▶ [Records provided]
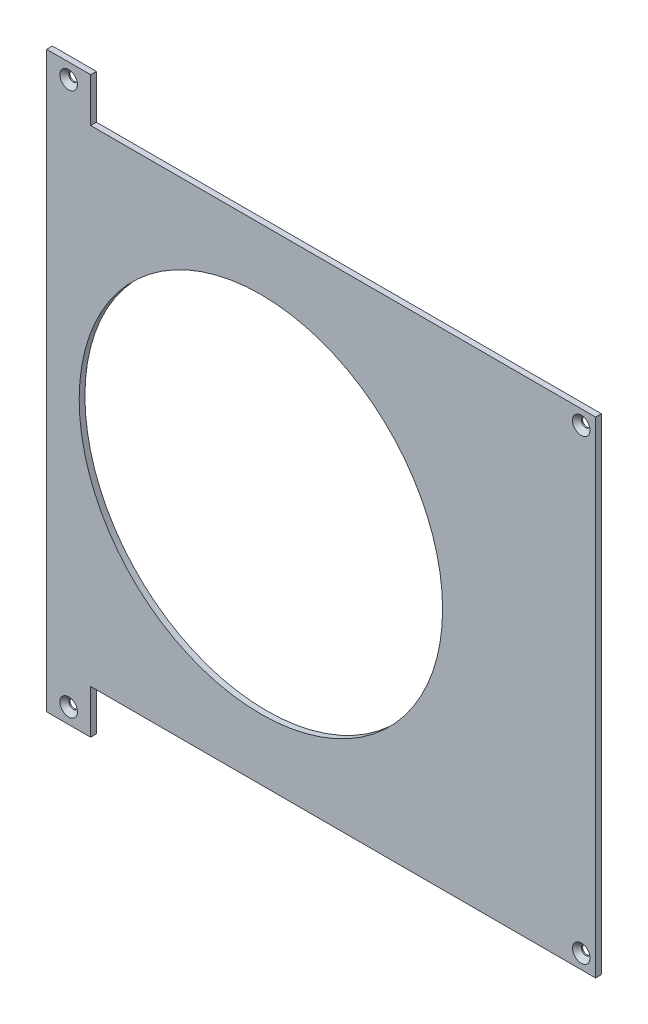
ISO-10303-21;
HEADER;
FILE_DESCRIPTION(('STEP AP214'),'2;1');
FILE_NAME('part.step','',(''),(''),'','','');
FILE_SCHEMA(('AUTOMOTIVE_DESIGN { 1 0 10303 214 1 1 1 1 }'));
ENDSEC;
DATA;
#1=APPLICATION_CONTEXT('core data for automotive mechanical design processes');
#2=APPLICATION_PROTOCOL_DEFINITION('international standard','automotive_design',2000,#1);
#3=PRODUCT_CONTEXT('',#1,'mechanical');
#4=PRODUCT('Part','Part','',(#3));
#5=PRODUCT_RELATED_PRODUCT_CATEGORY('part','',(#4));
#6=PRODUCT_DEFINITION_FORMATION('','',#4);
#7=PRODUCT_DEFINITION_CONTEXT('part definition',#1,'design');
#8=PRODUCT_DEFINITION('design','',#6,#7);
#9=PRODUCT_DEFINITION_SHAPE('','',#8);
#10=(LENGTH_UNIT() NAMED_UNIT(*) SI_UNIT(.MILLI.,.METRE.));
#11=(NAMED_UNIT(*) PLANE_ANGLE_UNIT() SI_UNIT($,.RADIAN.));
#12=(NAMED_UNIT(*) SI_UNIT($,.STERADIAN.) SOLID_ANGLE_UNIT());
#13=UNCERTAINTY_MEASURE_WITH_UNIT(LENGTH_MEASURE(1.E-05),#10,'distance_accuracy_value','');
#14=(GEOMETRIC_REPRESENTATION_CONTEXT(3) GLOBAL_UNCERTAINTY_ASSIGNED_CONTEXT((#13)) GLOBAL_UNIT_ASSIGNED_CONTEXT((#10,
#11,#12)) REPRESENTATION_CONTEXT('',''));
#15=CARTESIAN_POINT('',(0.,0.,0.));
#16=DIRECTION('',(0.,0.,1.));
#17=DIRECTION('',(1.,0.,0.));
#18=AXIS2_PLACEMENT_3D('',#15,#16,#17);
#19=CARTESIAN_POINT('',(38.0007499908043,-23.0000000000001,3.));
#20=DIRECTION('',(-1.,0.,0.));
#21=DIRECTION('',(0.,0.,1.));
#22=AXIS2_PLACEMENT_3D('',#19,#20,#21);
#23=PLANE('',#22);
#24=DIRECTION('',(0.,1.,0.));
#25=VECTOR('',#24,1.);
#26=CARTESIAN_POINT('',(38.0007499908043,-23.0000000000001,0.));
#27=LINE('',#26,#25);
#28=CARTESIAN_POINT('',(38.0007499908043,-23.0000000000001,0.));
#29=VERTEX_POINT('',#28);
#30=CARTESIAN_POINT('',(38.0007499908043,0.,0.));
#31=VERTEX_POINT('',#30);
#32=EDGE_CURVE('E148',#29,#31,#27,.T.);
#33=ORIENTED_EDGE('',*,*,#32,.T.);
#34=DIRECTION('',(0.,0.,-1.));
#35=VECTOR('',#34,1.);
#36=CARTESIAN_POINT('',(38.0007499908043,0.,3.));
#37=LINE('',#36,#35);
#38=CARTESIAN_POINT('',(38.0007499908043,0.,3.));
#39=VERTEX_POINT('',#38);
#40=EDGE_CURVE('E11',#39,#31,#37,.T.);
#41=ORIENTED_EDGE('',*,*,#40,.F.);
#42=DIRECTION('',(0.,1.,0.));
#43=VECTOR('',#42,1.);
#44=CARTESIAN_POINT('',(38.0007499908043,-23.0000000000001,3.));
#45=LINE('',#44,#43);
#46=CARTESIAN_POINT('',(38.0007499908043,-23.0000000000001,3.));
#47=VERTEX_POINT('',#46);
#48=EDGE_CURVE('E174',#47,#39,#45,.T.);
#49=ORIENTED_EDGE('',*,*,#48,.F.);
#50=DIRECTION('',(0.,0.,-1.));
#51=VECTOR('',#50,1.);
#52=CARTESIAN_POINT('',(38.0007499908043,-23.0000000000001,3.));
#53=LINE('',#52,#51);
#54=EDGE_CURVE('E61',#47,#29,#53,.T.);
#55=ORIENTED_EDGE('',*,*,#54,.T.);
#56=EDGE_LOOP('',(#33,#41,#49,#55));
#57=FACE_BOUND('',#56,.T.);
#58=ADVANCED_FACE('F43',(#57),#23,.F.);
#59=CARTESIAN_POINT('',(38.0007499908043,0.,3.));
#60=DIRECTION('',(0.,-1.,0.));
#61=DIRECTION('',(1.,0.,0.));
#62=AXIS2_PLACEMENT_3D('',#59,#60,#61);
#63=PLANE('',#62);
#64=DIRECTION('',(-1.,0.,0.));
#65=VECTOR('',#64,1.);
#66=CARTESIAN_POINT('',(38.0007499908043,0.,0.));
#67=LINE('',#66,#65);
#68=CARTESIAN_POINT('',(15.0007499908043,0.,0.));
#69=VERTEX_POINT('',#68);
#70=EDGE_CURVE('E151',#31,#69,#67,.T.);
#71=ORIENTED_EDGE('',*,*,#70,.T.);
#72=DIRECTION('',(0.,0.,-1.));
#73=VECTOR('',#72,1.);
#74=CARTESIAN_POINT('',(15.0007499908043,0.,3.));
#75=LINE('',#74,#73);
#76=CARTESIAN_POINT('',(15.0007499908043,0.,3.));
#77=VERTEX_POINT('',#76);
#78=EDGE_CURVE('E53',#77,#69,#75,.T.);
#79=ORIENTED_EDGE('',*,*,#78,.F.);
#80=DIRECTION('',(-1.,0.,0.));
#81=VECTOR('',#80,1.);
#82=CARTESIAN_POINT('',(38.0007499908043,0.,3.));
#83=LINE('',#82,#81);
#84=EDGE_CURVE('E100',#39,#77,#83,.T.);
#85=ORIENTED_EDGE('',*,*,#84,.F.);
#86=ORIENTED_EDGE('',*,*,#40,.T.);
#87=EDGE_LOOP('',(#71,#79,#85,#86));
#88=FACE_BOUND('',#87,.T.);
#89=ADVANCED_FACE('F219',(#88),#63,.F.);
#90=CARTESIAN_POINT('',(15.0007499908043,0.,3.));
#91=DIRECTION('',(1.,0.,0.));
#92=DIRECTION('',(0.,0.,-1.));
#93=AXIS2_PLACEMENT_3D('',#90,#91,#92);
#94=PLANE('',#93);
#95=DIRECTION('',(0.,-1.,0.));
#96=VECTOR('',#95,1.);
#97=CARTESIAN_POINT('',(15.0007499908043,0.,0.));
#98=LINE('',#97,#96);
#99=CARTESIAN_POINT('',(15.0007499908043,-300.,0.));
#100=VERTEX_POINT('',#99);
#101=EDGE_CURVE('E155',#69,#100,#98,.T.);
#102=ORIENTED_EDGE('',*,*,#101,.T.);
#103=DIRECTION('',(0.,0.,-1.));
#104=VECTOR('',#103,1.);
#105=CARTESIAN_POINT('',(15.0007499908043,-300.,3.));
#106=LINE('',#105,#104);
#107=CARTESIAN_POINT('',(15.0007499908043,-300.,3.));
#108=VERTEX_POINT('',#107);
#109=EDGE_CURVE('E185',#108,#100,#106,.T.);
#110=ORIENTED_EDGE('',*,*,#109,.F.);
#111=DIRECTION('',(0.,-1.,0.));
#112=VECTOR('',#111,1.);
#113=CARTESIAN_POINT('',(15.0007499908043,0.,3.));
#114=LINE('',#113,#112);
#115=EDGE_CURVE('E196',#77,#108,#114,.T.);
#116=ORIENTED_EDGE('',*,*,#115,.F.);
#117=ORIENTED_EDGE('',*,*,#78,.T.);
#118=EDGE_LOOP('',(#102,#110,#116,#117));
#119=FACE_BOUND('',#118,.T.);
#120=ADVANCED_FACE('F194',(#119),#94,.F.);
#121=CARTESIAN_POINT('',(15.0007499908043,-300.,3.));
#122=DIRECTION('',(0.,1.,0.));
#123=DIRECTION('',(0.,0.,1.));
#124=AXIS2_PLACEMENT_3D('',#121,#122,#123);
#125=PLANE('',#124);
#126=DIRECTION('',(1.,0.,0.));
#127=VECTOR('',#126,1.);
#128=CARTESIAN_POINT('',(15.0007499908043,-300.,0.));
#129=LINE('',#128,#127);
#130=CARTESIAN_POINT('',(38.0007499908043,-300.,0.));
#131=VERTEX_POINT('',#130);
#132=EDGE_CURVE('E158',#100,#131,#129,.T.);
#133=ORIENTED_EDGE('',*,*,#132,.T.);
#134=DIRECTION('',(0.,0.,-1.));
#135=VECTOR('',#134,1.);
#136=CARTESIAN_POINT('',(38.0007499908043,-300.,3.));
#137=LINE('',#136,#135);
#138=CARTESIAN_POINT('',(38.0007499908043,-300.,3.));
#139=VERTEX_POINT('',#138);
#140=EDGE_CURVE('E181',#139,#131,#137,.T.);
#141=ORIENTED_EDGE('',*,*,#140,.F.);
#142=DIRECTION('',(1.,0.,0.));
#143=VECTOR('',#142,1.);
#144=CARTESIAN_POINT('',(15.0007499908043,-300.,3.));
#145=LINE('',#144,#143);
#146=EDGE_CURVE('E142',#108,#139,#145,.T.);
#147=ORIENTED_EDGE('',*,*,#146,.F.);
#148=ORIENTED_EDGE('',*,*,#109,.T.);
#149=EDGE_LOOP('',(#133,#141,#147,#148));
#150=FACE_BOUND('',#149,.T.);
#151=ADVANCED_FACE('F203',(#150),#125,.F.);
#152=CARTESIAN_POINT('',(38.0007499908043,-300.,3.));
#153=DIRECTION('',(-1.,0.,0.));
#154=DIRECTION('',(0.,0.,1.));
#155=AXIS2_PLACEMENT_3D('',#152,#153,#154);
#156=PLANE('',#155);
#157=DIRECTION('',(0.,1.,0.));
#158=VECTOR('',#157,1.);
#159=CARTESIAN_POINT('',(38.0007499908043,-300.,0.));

▶ [Work to complete] Beginning with the line holding "#4=PRODUCT('Part','Part','',(#3));" and ending with the line holding "#10=(LENGTH_UNIT() NAMED_UNIT(*) SI_UNIT(.MILLI.,.METRE.));", write out the stretch of material above exactly; add no further lines.

▶ [Task result]
#4=PRODUCT('Part','Part','',(#3));
#5=PRODUCT_RELATED_PRODUCT_CATEGORY('part','',(#4));
#6=PRODUCT_DEFINITION_FORMATION('','',#4);
#7=PRODUCT_DEFINITION_CONTEXT('part definition',#1,'design');
#8=PRODUCT_DEFINITION('design','',#6,#7);
#9=PRODUCT_DEFINITION_SHAPE('','',#8);
#10=(LENGTH_UNIT() NAMED_UNIT(*) SI_UNIT(.MILLI.,.METRE.));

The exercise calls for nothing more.